Роберт не смог сдержать иронии:
– Итак, Луи просит меня написать о ней.
– Он просто надеется, что ты сделаешь то, что она хотела.
Роберт посмотрел себе под ноги. Из земли торчали причудливо изогнутые корни деревьев.
– Да, но я не могу. Не могу этого сделать.
– Даже если ты не уверен, что закончишь эту книгу, – осторожно сказала она, – ты можешь написать отрывок, в котором опишешь Жозиан, а потом послать его Луи.
Роберт сказал:
– Я не могу справедливо описать ее. – Он остановился в тени прохода и повернул свое лицо к Камилле, но посмотрел поверх ее плеча. – Лучше умолкнуть.
Он не мог описать это путешествие или пробудить дух инков. Как она не может его понять? У него просто не было таланта – он только думал, что у него он есть. Он начал говорить хриплым голосом, как будто причинявшим ему муки:
– Я всегда думал, что работаю наемным журналистишкой просто из необходимости. Но на самом деле я такой и есть! – Его резкий смех был похож на кашель. – Разумеется, я считал, что во мне скрыта какая-то удивительная сила. Я полагал: надо просто дать шанс этой силе выплеснуться наружу.
Но вот он разрушил плотину, ожидая наводнения, а вместо него вылилась всего лишь тонкая струйка песка.
Он добавил:
– Как я могу писать о Жозиан? Я и сам не знаю, как к ней относился. Я даже не знаю, чего ждет от меня Луи.
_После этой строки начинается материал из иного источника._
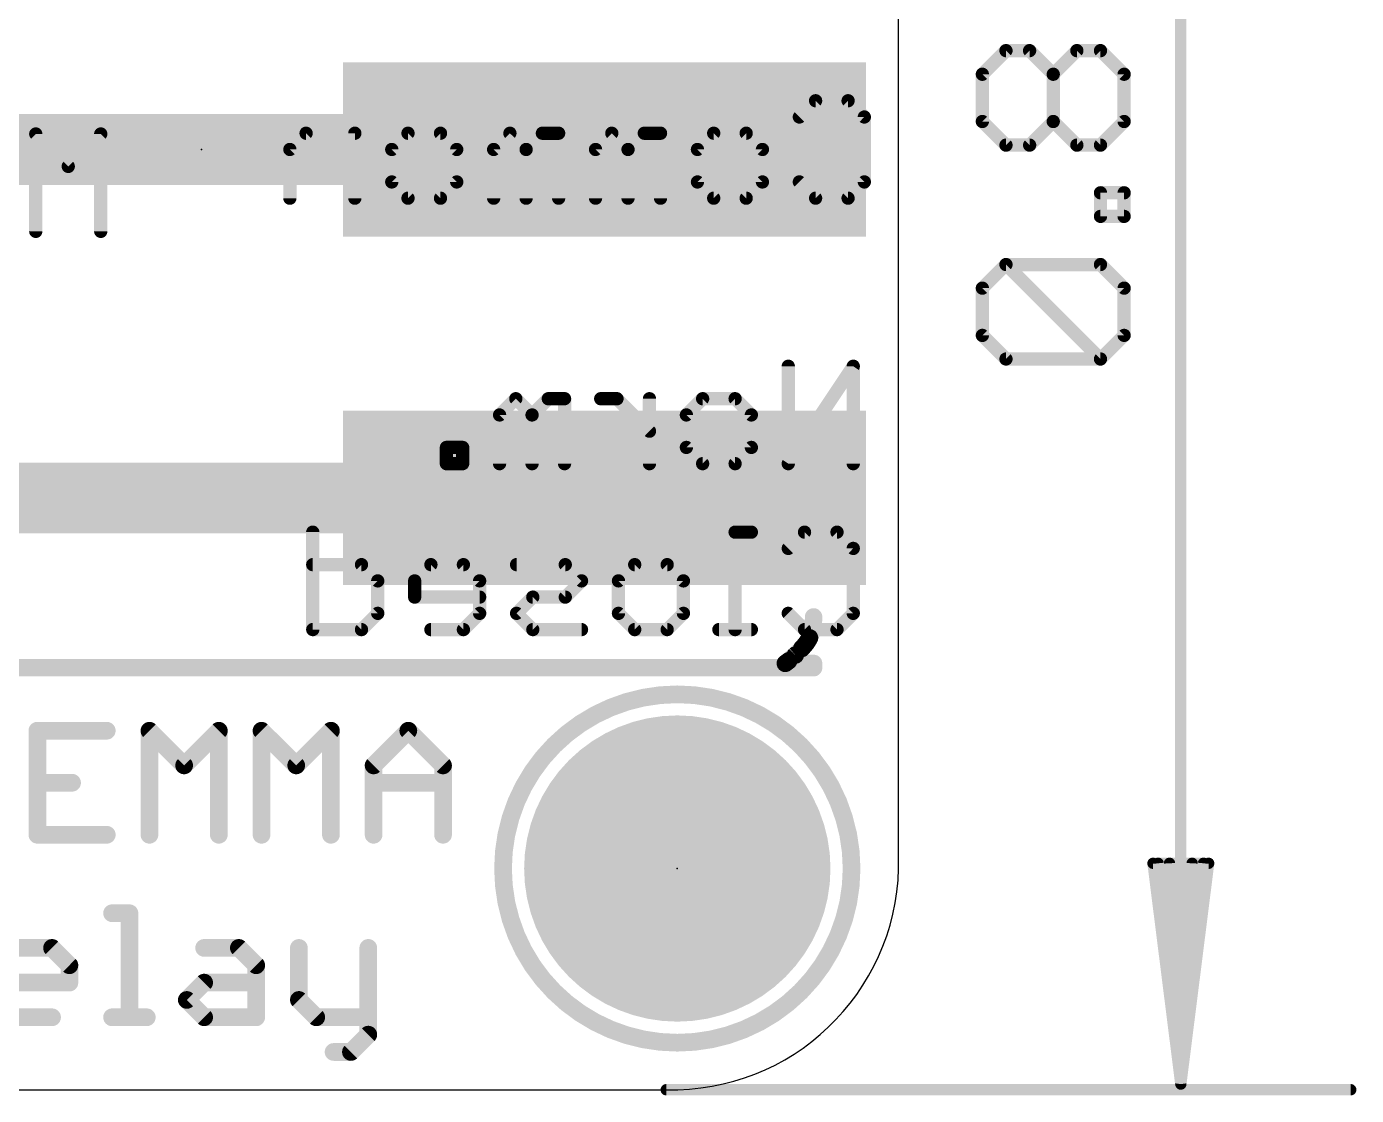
# Model space of a CAD drawing. Extents: x -4.3 to 39.5, y -6.1 to 27.1.
# Drawn here: x 24.28 to 39.54, y -0.07 to 12.21 of the extents above; entities that cross this region are included whole.
import ezdxf

# ---------------------------------------------------------------- set-up
doc = ezdxf.new("R2010")
doc.units = 0
for name, color, linetype in [('1', 12, 'CONTINUOUS'), ('17', 110, 'CONTINUOUS'), ('20', 53, 'CONTINUOUS'), ('21', 40, 'CONTINUOUS'), ('22', 6, 'CONTINUOUS'), ('23', 53, 'CONTINUOUS'), ('47', 253, 'CONTINUOUS')]:
    doc.layers.add(name, color=color, linetype=linetype)

# ---------------------------------------------------------------- blocks, each defined once
blk = doc.blocks.new('ROUNDP')
at = {"const_width": 0.5}
blk.add_lwpolyline([(0, -0.25, 1), (0, 0.25, 1), (0, -0.25)], format="xyb", dxfattribs=at)
blk = doc.blocks.new('RECT')
blk.add_solid([(-0.5, -0.5), (0.5, -0.5), (-0.5, 0.5), (0.5, 0.5)])

msp = doc.modelspace()

# ---------------------------------------------------------------- linework, layer by layer
at = {"layer": '1', "const_width": 0.8128}
for points in [[(21.764, 10.795), (30.914, 10.795)], [(21.664, 6.795), (30.914, 6.795)]]:
    msp.add_lwpolyline(points, dxfattribs=at)
at = {"layer": '1', "const_width": 0.4064}
for points in [[(30.914, 10.5918, 1), (30.914, 10.9982)], [(30.914, 6.5918, 1), (30.914, 6.9982)]]:
    msp.add_lwpolyline(points, format="xyb", dxfattribs=at)
at = {"layer": '20'}
for p, q in [((34.29, 2.54), (34.29, 19.05)), ((2.54, 0), (31.623, 0))]:
    msp.add_line(p, q, dxfattribs=at)
msp.add_arc((31.6865, 2.6035), 2.6043, 268.6028, 358.6028, dxfattribs=at)
at = {"layer": '21'}
for points, const_width in [([(33.3134, 5.3981), (33.3124, 5.3777)], 0.2), ([(33.3139, 5.4186), (33.3134, 5.3981)], 0.2), ([(33.314, 5.4289), (33.3139, 5.4186)], 0.2), ([(33.2878, 5.2415), (33.2816, 5.2236)], 0.2), ([(33.2907, 5.2506), (33.2878, 5.2415)], 0.2), ([(33.2933, 5.2599), (33.2907, 5.2506)], 0.2), ([(33.2982, 5.2787), (33.2933, 5.2599)], 0.2), ([(33.3023, 5.2979), (33.2982, 5.2787)], 0.2), ([(33.3058, 5.3175), (33.3023, 5.2979)], 0.2), ([(33.3086, 5.3373), (33.3058, 5.3175)], 0.2), ([(33.3108, 5.3574), (33.3086, 5.3373)], 0.2), ([(33.3117, 5.3676), (33.3108, 5.3574)], 0.2), ([(33.3124, 5.3777), (33.3117, 5.3676)], 0.2), ([(33.2135, 5.1059), (33.1779, 5.0654)], 0.2), ([(33.2195, 5.1131), (33.2135, 5.1059)], 0.2), ([(33.2305, 5.1276), (33.2195, 5.1131)], 0.2), ([(33.2406, 5.1421), (33.2305, 5.1276)], 0.2), ([(33.2454, 5.1496), (33.2406, 5.1421)], 0.2), ([(33.2501, 5.1572), (33.2454, 5.1496)], 0.2), ([(33.259, 5.1729), (33.2501, 5.1572)], 0.2), ([(33.2672, 5.1893), (33.259, 5.1729)], 0.2), ([(33.2748, 5.2061), (33.2672, 5.1893)], 0.2), ([(33.2816, 5.2236), (33.2748, 5.2061)], 0.2), ([(33.1045, 4.9907), (33.0283, 4.9247)], 0.2), ([(33.1779, 5.0654), (33.1045, 4.9907)], 0.2), ([(21.814, 4.845), (33.314, 4.845)], 0.2), ([(33.0283, 4.9247), (32.9894, 4.895)], 0.2), ([(33.314, 4.895), (32.9894, 4.895)], 0.2), ([(33.2135, 4.895), (33.2135, 4.845)], 0.2), ([(33.314, 4.895), (33.314, 4.845)], 0.2), ([(25.2023, 4.1222), (24.4058, 4.1222)], 0.2032), ([(24.4058, 4.1222), (24.4058, 2.9274)], 0.2032), ([(25.6921, 2.9274), (25.6921, 4.1222)], 0.2032), ([(25.6921, 4.1222), (26.0904, 3.7239)], 0.2032), ([(26.0904, 3.7239), (26.4886, 4.1222)], 0.2032), ([(26.4886, 4.1222), (26.4886, 2.9274)], 0.2032), ([(26.9784, 2.9274), (26.9784, 4.1222)], 0.2032), ([(26.9784, 4.1222), (27.3767, 3.7239)], 0.2032), ([(27.3767, 3.7239), (27.775, 4.1222)], 0.2032), ([(27.775, 4.1222), (27.775, 2.9274)], 0.2032), ([(28.2648, 3.7239), (28.663, 4.1222)], 0.2032), ([(28.663, 4.1222), (29.0613, 3.7239)], 0.2032), ([(28.2648, 2.9274), (28.2648, 3.7239)], 0.2032), ([(29.0613, 3.7239), (29.0613, 2.9274)], 0.2032), ([(24.4058, 3.5248), (24.804, 3.5248)], 0.2032), ([(28.2648, 3.5248), (29.0613, 3.5248)], 0.2032), ([(24.4058, 2.9274), (25.2023, 2.9274)], 0.2032), ([(25.2633, 2.0267), (25.4625, 2.0267)], 0.2032), ([(25.4625, 2.0267), (25.4625, 0.8319)], 0.2032), ([(24.1761, 1.6284), (24.5744, 1.6284)], 0.2032), ([(24.5744, 1.6284), (24.7735, 1.4293)], 0.2032), ([(26.32, 1.6284), (26.7183, 1.6284)], 0.2032), ([(26.7183, 1.6284), (26.9174, 1.4293)], 0.2032), ([(27.4072, 1.6284), (27.4072, 1.031)], 0.2032), ([(28.2038, 1.6284), (28.2038, 0.6327)], 0.2032), ([(24.7735, 1.4293), (24.7735, 1.2301)], 0.2032), ([(26.9174, 1.4293), (26.9174, 0.8319)], 0.2032), ([(24.7735, 1.2301), (23.977, 1.2301)], 0.2032), ([(26.1209, 1.031), (26.32, 1.2301)], 0.2032), ([(26.32, 1.2301), (26.9174, 1.2301)], 0.2032), ([(26.32, 0.8319), (26.1209, 1.031)], 0.2032), ([(27.4072, 1.031), (27.6064, 0.8319)], 0.2032), ([(24.5744, 0.8319), (24.1761, 0.8319)], 0.2032), ([(25.2633, 0.8319), (25.6616, 0.8319)], 0.2032), ([(26.9174, 0.8319), (26.32, 0.8319)], 0.2032), ([(27.6064, 0.8319), (28.2038, 0.8319)], 0.2032), ([(28.2038, 0.6327), (28.0046, 0.4336)], 0.2032), ([(28.0046, 0.4336), (27.8055, 0.4336)], 0.2032)]:
    msp.add_lwpolyline(points, dxfattribs=dict(at, const_width=const_width))
for points, const_width in [([(33.3633, 5.3957, 1), (33.2635, 5.4005)], 0.1), ([(33.3639, 5.4174, 1), (33.2639, 5.4198)], 0.1), ([(33.364, 5.4284, 1), (33.264, 5.4294)], 0.1), ([(33.335, 5.2251, 1), (33.2406, 5.2579)], 0.1), ([(33.3383, 5.2354, 1), (33.2431, 5.2658)], 0.1), ([(33.3415, 5.2464, 1), (33.2451, 5.2734)], 0.1), ([(33.3466, 5.2661, 1), (33.2498, 5.2913)], 0.1), ([(33.2531, 5.3067, 1), (33.3515, 5.2891)], 0.1), ([(33.3512, 5.2875, 1), (33.2534, 5.3083)], 0.1), ([(33.2563, 5.3245, 1), (33.3553, 5.3105)], 0.1), ([(33.355, 5.3087, 1), (33.2566, 5.3263)], 0.1), ([(33.2589, 5.3427, 1), (33.3583, 5.3319)], 0.1), ([(33.3581, 5.3303, 1), (33.2591, 5.3443)], 0.1), ([(33.261, 5.3618, 1), (33.3606, 5.353)], 0.1), ([(33.3605, 5.352, 1), (33.2611, 5.3628)], 0.1), ([(33.2618, 5.3711, 1), (33.3616, 5.3641)], 0.1), ([(33.3615, 5.3632, 1), (33.2619, 5.372)], 0.1), ([(33.2625, 5.3801, 1), (33.3623, 5.3753)], 0.1), ([(33.3623, 5.3742, 1), (33.2625, 5.3812)], 0.1), ([(33.2634, 5.3993, 1), (33.3634, 5.3969)], 0.1), ([(33.2639, 5.4191, 1), (33.3639, 5.4181)], 0.1), ([(33.1797, 5.1433, 1), (33.2593, 5.0829)], 0.1), ([(33.2511, 5.0729, 1), (33.1759, 5.1389)], 0.1), ([(33.1895, 5.1562, 1), (33.2715, 5.099)], 0.1), ([(33.2579, 5.0811, 1), (33.1811, 5.1451)], 0.1), ([(33.1985, 5.1691, 1), (33.2827, 5.1151)], 0.1), ([(33.2703, 5.0974, 1), (33.1907, 5.1578)], 0.1), ([(33.2029, 5.1759, 1), (33.2879, 5.1233)], 0.1), ([(33.2816, 5.1135, 1), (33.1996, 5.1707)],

– Он ждет от тебя всего лишь один абзац! Неужели ты даже этого не можешь сделать? – Ее вдруг охватил гнев. Это случалось так редко, что она тут же пришла в себя и заговорила спокойнее: – Ты слишком многого пытаешься добиться, Роберт, в этом все дело. Ну почему ты должен чувствовать нечто особенное, нечто важное? – Она стояла, небрежно засунув руки в карманы куртки, но ее глаза сверкали. – Просто сделай что-нибудь обычное!
Ей было больно разрывать его на части, втаптывать в твердую землю. Ему всегда казалось, что все вокруг гораздо серьезнее, чем это было на самом деле.
И он считал, что в людях заложено намного больше, чем есть на самом деле (она сама не раз страдала от этой его идеи). Он не хотел принимать, что часто жизнь сама по себе очень мала и незначительна или что смерть может быть бессмысленной.
Его голос слегка дрогнул:
– Я не смог ее понять.
– Очень может быть, что в ней и не было ничего такого, что обязательно нужно было понимать.
Он подумал, не ревнует ли Камилла, но решил, что нет: она просто пытается ему что-то сказать.
Она сказала более спокойно:
– Ты пытаешься придать Жозиан больше значения только потому, что она мертва. Если ты чего-то не понимаешь, ты пытаешься возвести это в ранг тайны.
Но она постепенно успокаивалась, и в ее голосе стало звучать нечто, похожее на любовь. Она знала, как он боится исчезновений, боится с тех пор, как умерли его родители. Смерть всегда означала только одно – уход.